A Northwest based outdoor magazine is one of two cited by news reports as publishing articles by a freelance writer paid by the U.S. Department of Agriculture to write positive stories three years ago on Natural Resources Conservation Service programs. The current editor of Primedia's Oregon and Washington Game and Fish magazine said he was unaware that Dave Smith was being compensated by U.S.D.A., and agreed that his articles should have made mention how Smith was being paid. Smith, who is now a biologist working for N.R.C.S. in Montana, says he clearly told publishers of the two magazines he was being paid by the government, and knew the magazines could not pay him as a result.
From their point of view, Judge John Coughenour did the right thing by now allowing the jurisdiction of the court on the issue of Environmental Protection Agency Section Seven consultations over pesticides to expand in scope. Representatives from E.P.A., Washington State Potato Commission, Washington State Farm Bureau, and Crop Life America argued before Coughenour that E.P.A. had complied with a 2002 order. A coalition of environmental groups led by the Washington Toxics Coalition some months back filed a motion seeking to modify that order to be determined on a may affect, not will affect, status. E.P.A. and its friends of the court argued that the may affect determination was not valid in this particular matter because Section Seven consultation processes had not been completed for the pesticides in question.
Now with today's "Food Forethought", here's Susan Allen.

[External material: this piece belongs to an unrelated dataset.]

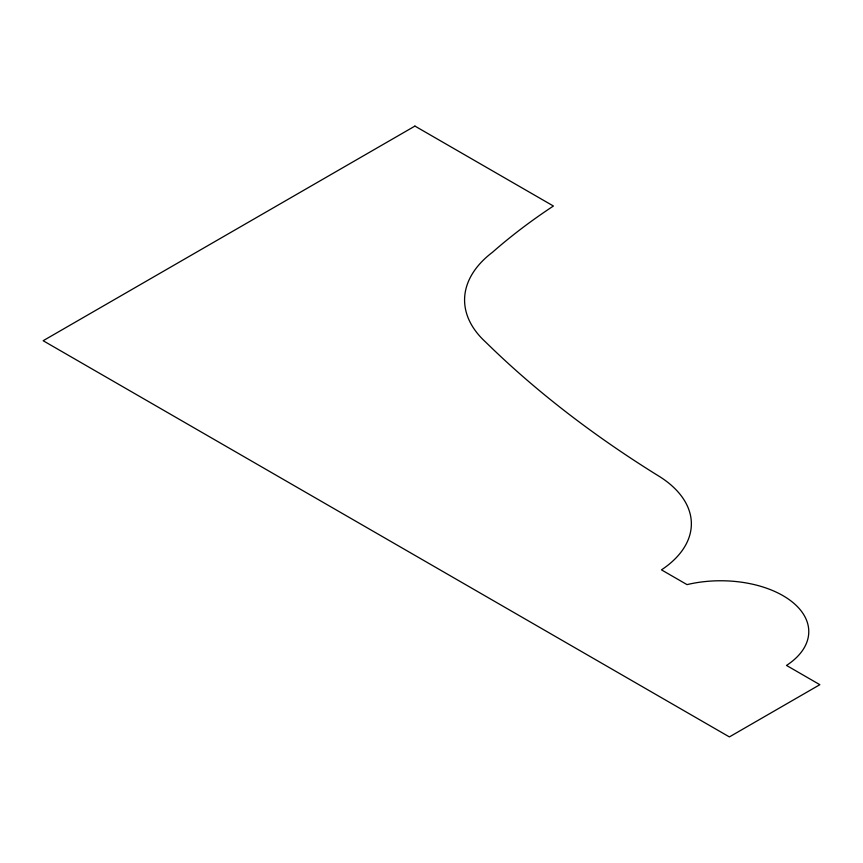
<?xml version="1.0" encoding="UTF-8"?>
<svg xmlns="http://www.w3.org/2000/svg" width="863" height="863" viewBox="0 0 863 863"><rect width="100%" height="100%" fill="white"/><g stroke="black" fill="none" stroke-linecap="round" stroke-linejoin="round"><path stroke-width="1.29" d="M414.93 126.084L43.15 340.723L729.386 736.916L819.85 684.693L786.495 665.427A88.102 50.863 0 0 0 792.493 602.158A88.102 50.863 0 0 0 687.024 584.618L661.468 569.86A121.252 70.011 0 0 0 657.239 475.135A1326.269 765.708 0 0 1 485.772 342.19A136.516 78.813 0 0 1 492.503 252.255A729.494 421.166 0 0 1 553.41 206.02L414.93 126.084"/></g></svg>

ALLEN: I am all for recycling but this might be taking it a little too far& Do you want to talk sustainability? Well, who needs good old cow manure when human waste is available? In California (of course it had to be) farmers are now using treated sewage waste from big cities as fertilizer, and while some farmers are tickled with the benefits of rich tithly soil, others are turning their noses up at using sewage, fearing consumer fall out. Of course for LA and other cities it's a win- win, they can dump their lump of up to 450,000 tons of treated sewage a year on the other side of the mountains out of site and mind. Farmers then use the sludge to improve soil for cattle and fiber but supposedly not any produce directly consumed by consumers. Yeah, right! The opposition is heating up and there is now a bill being sponsored to stop what one Senator calls a wealthy industrial area dumping on rural poor farm country. Hey, where all Hollywood eco-activists on this one I'm Susan Allen and this is Food Forethought.